> [WHAT TO WORK ON]: Your reply is to be the lines below, exactly as written, with images omitted.

SOURCE MATERIAL START

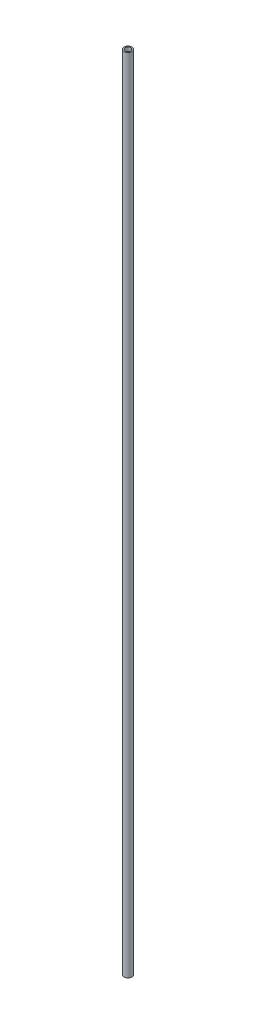
ISO-10303-21;
HEADER;
FILE_DESCRIPTION(('STEP AP214'),'2;1');
FILE_NAME('part.step','',(''),(''),'','','');
FILE_SCHEMA(('AUTOMOTIVE_DESIGN { 1 0 10303 214 1 1 1 1 }'));
ENDSEC;
DATA;
#1=APPLICATION_CONTEXT('core data for automotive mechanical design processes');
#2=APPLICATION_PROTOCOL_DEFINITION('international standard','automotive_design',2000,#1);
#3=PRODUCT_CONTEXT('',#1,'mechanical');
#4=PRODUCT('Part','Part','',(#3));
#5=PRODUCT_RELATED_PRODUCT_CATEGORY('part','',(#4));
#6=PRODUCT_DEFINITION_FORMATION('','',#4);
#7=PRODUCT_DEFINITION_CONTEXT('part definition',#1,'design');
#8=PRODUCT_DEFINITION('design','',#6,#7);
#9=PRODUCT_DEFINITION_SHAPE('','',#8);
#10=(LENGTH_UNIT() NAMED_UNIT(*) SI_UNIT(.MILLI.,.METRE.));
#11=(NAMED_UNIT(*) PLANE_ANGLE_UNIT() SI_UNIT($,.RADIAN.));
#12=(NAMED_UNIT(*) SI_UNIT($,.STERADIAN.) SOLID_ANGLE_UNIT());
#13=UNCERTAINTY_MEASURE_WITH_UNIT(LENGTH_MEASURE(1.E-05),#10,'distance_accuracy_value','');
#14=(GEOMETRIC_REPRESENTATION_CONTEXT(3) GLOBAL_UNCERTAINTY_ASSIGNED_CONTEXT((#13)) GLOBAL_UNIT_ASSIGNED_CONTEXT((#10,
#11,#12)) REPRESENTATION_CONTEXT('',''));
#15=CARTESIAN_POINT('',(0.,0.,0.));
#16=DIRECTION('',(0.,0.,1.));
#17=DIRECTION('',(1.,0.,0.));
#18=AXIS2_PLACEMENT_3D('',#15,#16,#17);
#19=CARTESIAN_POINT('',(0.,700.,0.));
#20=DIRECTION('',(0.,1.,0.));
#21=DIRECTION('',(0.,0.,1.));
#22=AXIS2_PLACEMENT_3D('',#19,#20,#21);
#23=PLANE('',#22);
#24=CARTESIAN_POINT('',(0.,700.,0.));
#25=DIRECTION('',(0.,1.,0.));
#26=DIRECTION('',(0.,0.,1.));
#27=AXIS2_PLACEMENT_3D('',#24,#25,#26);
#28=CIRCLE('',#27,3.5);
#29=CARTESIAN_POINT('',(0.,700.,3.5));
#30=VERTEX_POINT('',#29);
#31=EDGE_CURVE('E10',#30,#30,#28,.T.);
#32=ORIENTED_EDGE('',*,*,#31,.T.);
#33=EDGE_LOOP('',(#32));
#34=FACE_BOUND('',#33,.T.);
#35=CARTESIAN_POINT('',(0.,700.,0.));
#36=DIRECTION('',(0.,1.,0.));
#37=DIRECTION('',(0.,0.,1.));
#38=AXIS2_PLACEMENT_3D('',#35,#36,#37);
#39=CIRCLE('',#38,2.5);
#40=CARTESIAN_POINT('',(0.,700.,2.5));
#41=VERTEX_POINT('',#40);
#42=EDGE_CURVE('E46',#41,#41,#39,.T.);
#43=ORIENTED_EDGE('',*,*,#42,.F.);
#44=EDGE_LOOP('',(#43));
#45=FACE_BOUND('',#44,.T.);
#46=ADVANCED_FACE('F35',(#34,#45),#23,.T.);
#47=CARTESIAN_POINT('',(0.,0.,0.));
#48=DIRECTION('',(0.,1.,0.));
#49=DIRECTION('',(0.,0.,1.));
#50=AXIS2_PLACEMENT_3D('',#47,#48,#49);
#51=PLANE('',#50);
#52=CARTESIAN_POINT('',(0.,0.,0.));
#53=DIRECTION('',(0.,1.,0.));
#54=DIRECTION('',(0.,0.,1.));
#55=AXIS2_PLACEMENT_3D('',#52,#53,#54);
#56=CIRCLE('',#55,3.5);
#57=CARTESIAN_POINT('',(0.,0.,3.5));
#58=VERTEX_POINT('',#57);
#59=EDGE_CURVE('E39',#58,#58,#56,.T.);
#60=ORIENTED_EDGE('',*,*,#59,.F.);
#61=EDGE_LOOP('',(#60));
#62=FACE_BOUND('',#61,.T.);
#63=CARTESIAN_POINT('',(0.,0.,0.));
#64=DIRECTION('',(0.,1.,0.));
#65=DIRECTION('',(0.,0.,1.));
#66=AXIS2_PLACEMENT_3D('',#63,#64,#65);
#67=CIRCLE('',#66,2.5);
#68=CARTESIAN_POINT('',(0.,0.,2.5));
#69=VERTEX_POINT('',#68);
#70=EDGE_CURVE('E48',#69,#69,#67,.T.);
#71=ORIENTED_EDGE('',*,*,#70,.T.);
#72=EDGE_LOOP('',(#71));
#73=FACE_BOUND('',#72,.T.);
#74=ADVANCED_FACE('F58',(#62,#73),#51,.F.);
#75=CARTESIAN_POINT('',(0.,700.,0.));
#76=DIRECTION('',(0.,-1.,0.));
#77=DIRECTION('',(0.,0.,-1.));
#78=AXIS2_PLACEMENT_3D('',#75,#76,#77);
#79=CYLINDRICAL_SURFACE('',#78,3.5);
#80=ORIENTED_EDGE('',*,*,#31,.F.);
#81=EDGE_LOOP('',(#80));
#82=FACE_BOUND('',#81,.T.);
#83=ORIENTED_EDGE('',*,*,#59,.T.);
#84=EDGE_LOOP('',(#83));
#85=FACE_BOUND('',#84,.T.);
#86=ADVANCED_FACE('F37',(#82,#85),#79,.T.);
#87=CARTESIAN_POINT('',(0.,700.,0.));
#88=DIRECTION('',(0.,-1.,0.));
#89=DIRECTION('',(0.,0.,-1.));
#90=AXIS2_PLACEMENT_3D('',#87,#88,#89);
#91=CYLINDRICAL_SURFACE('',#90,2.5);
#92=ORIENTED_EDGE('',*,*,#42,.T.);
#93=EDGE_LOOP('',(#92));
#94=FACE_BOUND('',#93,.T.);
#95=ORIENTED_EDGE('',*,*,#70,.F.);
#96=EDGE_LOOP('',(#95));
#97=FACE_BOUND('',#96,.T.);
#98=ADVANCED_FACE('F54',(#94,#97),#91,.F.);
#99=CLOSED_SHELL('',(#46,#74,#86,#98));
#100=MANIFOLD_SOLID_BREP('B2',#99);
#101=ADVANCED_BREP_SHAPE_REPRESENTATION('',(#18,#100),#14);
#102=SHAPE_DEFINITION_REPRESENTATION(#9,#101);
ENDSEC;
END-ISO-10303-21;

SOURCE MATERIAL END

> [THE COMPLETED TASK]:
ISO-10303-21;
HEADER;
FILE_DESCRIPTION(('STEP AP214'),'2;1');
FILE_NAME('part.step','',(''),(''),'','','');
FILE_SCHEMA(('AUTOMOTIVE_DESIGN { 1 0 10303 214 1 1 1 1 }'));
ENDSEC;
DATA;
#1=APPLICATION_CONTEXT('core data for automotive mechanical design processes');
#2=APPLICATION_PROTOCOL_DEFINITION('international standard','automotive_design',2000,#1);
#3=PRODUCT_CONTEXT('',#1,'mechanical');
#4=PRODUCT('Part','Part','',(#3));
#5=PRODUCT_RELATED_PRODUCT_CATEGORY('part','',(#4));
#6=PRODUCT_DEFINITION_FORMATION('','',#4);
#7=PRODUCT_DEFINITION_CONTEXT('part definition',#1,'design');
#8=PRODUCT_DEFINITION('design','',#6,#7);
#9=PRODUCT_DEFINITION_SHAPE('','',#8);
#10=(LENGTH_UNIT() NAMED_UNIT(*) SI_UNIT(.MILLI.,.METRE.));
#11=(NAMED_UNIT(*) PLANE_ANGLE_UNIT() SI_UNIT($,.RADIAN.));
#12=(NAMED_UNIT(*) SI_UNIT($,.STERADIAN.) SOLID_ANGLE_UNIT());
#13=UNCERTAINTY_MEASURE_WITH_UNIT(LENGTH_MEASURE(1.E-05),#10,'distance_accuracy_value','');
#14=(GEOMETRIC_REPRESENTATION_CONTEXT(3) GLOBAL_UNCERTAINTY_ASSIGNED_CONTEXT((#13)) GLOBAL_UNIT_ASSIGNED_CONTEXT((#10,
#11,#12)) REPRESENTATION_CONTEXT('',''));
#15=CARTESIAN_POINT('',(0.,0.,0.));
#16=DIRECTION('',(0.,0.,1.));
#17=DIRECTION('',(1.,0.,0.));
#18=AXIS2_PLACEMENT_3D('',#15,#16,#17);
#19=CARTESIAN_POINT('',(0.,700.,0.));
#20=DIRECTION('',(0.,1.,0.));
#21=DIRECTION('',(0.,0.,1.));
#22=AXIS2_PLACEMENT_3D('',#19,#20,#21);
#23=PLANE('',#22);
#24=CARTESIAN_POINT('',(0.,700.,0.));
#25=DIRECTION('',(0.,1.,0.));
#26=DIRECTION('',(0.,0.,1.));
#27=AXIS2_PLACEMENT_3D('',#24,#25,#26);
#28=CIRCLE('',#27,3.5);
#29=CARTESIAN_POINT('',(0.,700.,3.5));
#30=VERTEX_POINT('',#29);
#31=EDGE_CURVE('E10',#30,#30,#28,.T.);
#32=ORIENTED_EDGE('',*,*,#31,.T.);
#33=EDGE_LOOP('',(#32));
#34=FACE_BOUND('',#33,.T.);
#35=CARTESIAN_POINT('',(0.,700.,0.));
#36=DIRECTION('',(0.,1.,0.));
#37=DIRECTION('',(0.,0.,1.));
#38=AXIS2_PLACEMENT_3D('',#35,#36,#37);
#39=CIRCLE('',#38,2.5);
#40=CARTESIAN_POINT('',(0.,700.,2.5));
#41=VERTEX_POINT('',#40);
#42=EDGE_CURVE('E46',#41,#41,#39,.T.);
#43=ORIENTED_EDGE('',*,*,#42,.F.);
#44=EDGE_LOOP('',(#43));
#45=FACE_BOUND('',#44,.T.);
#46=ADVANCED_FACE('F35',(#34,#45),#23,.T.);
#47=CARTESIAN_POINT('',(0.,0.,0.));
#48=DIRECTION('',(0.,1.,0.));
#49=DIRECTION('',(0.,0.,1.));
#50=AXIS2_PLACEMENT_3D('',#47,#48,#49);
#51=PLANE('',#50);
#52=CARTESIAN_POINT('',(0.,0.,0.));
#53=DIRECTION('',(0.,1.,0.));
#54=DIRECTION('',(0.,0.,1.));
#55=AXIS2_PLACEMENT_3D('',#52,#53,#54);
#56=CIRCLE('',#55,3.5);
#57=CARTESIAN_POINT('',(0.,0.,3.5));
#58=VERTEX_POINT('',#57);
#59=EDGE_CURVE('E39',#58,#58,#56,.T.);
#60=ORIENTED_EDGE('',*,*,#59,.F.);
#61=EDGE_LOOP('',(#60));
#62=FACE_BOUND('',#61,.T.);
#63=CARTESIAN_POINT('',(0.,0.,0.));
#64=DIRECTION('',(0.,1.,0.));
#65=DIRECTION('',(0.,0.,1.));
#66=AXIS2_PLACEMENT_3D('',#63,#64,#65);
#67=CIRCLE('',#66,2.5);
#68=CARTESIAN_POINT('',(0.,0.,2.5));
#69=VERTEX_POINT('',#68);
#70=EDGE_CURVE('E48',#69,#69,#67,.T.);
#71=ORIENTED_EDGE('',*,*,#70,.T.);
#72=EDGE_LOOP('',(#71));
#73=FACE_BOUND('',#72,.T.);
#74=ADVANCED_FACE('F58',(#62,#73),#51,.F.);
#75=CARTESIAN_POINT('',(0.,700.,0.));
#76=DIRECTION('',(0.,-1.,0.));
#77=DIRECTION('',(0.,0.,-1.));
#78=AXIS2_PLACEMENT_3D('',#75,#76,#77);
#79=CYLINDRICAL_SURFACE('',#78,3.5);
#80=ORIENTED_EDGE('',*,*,#31,.F.);
#81=EDGE_LOOP('',(#80));
#82=FACE_BOUND('',#81,.T.);
#83=ORIENTED_EDGE('',*,*,#59,.T.);
#84=EDGE_LOOP('',(#83));
#85=FACE_BOUND('',#84,.T.);
#86=ADVANCED_FACE('F37',(#82,#85),#79,.T.);
#87=CARTESIAN_POINT('',(0.,700.,0.));
#88=DIRECTION('',(0.,-1.,0.));
#89=DIRECTION('',(0.,0.,-1.));
#90=AXIS2_PLACEMENT_3D('',#87,#88,#89);
#91=CYLINDRICAL_SURFACE('',#90,2.5);
#92=ORIENTED_EDGE('',*,*,#42,.T.);
#93=EDGE_LOOP('',(#92));
#94=FACE_BOUND('',#93,.T.);
#95=ORIENTED_EDGE('',*,*,#70,.F.);
#96=EDGE_LOOP('',(#95));
#97=FACE_BOUND('',#96,.T.);
#98=ADVANCED_FACE('F54',(#94,#97),#91,.F.);
#99=CLOSED_SHELL('',(#46,#74,#86,#98));
#100=MANIFOLD_SOLID_BREP('B2',#99);
#101=ADVANCED_BREP_SHAPE_REPRESENTATION('',(#18,#100),#14);
#102=SHAPE_DEFINITION_REPRESENTATION(#9,#101);
ENDSEC;
END-ISO-10303-21;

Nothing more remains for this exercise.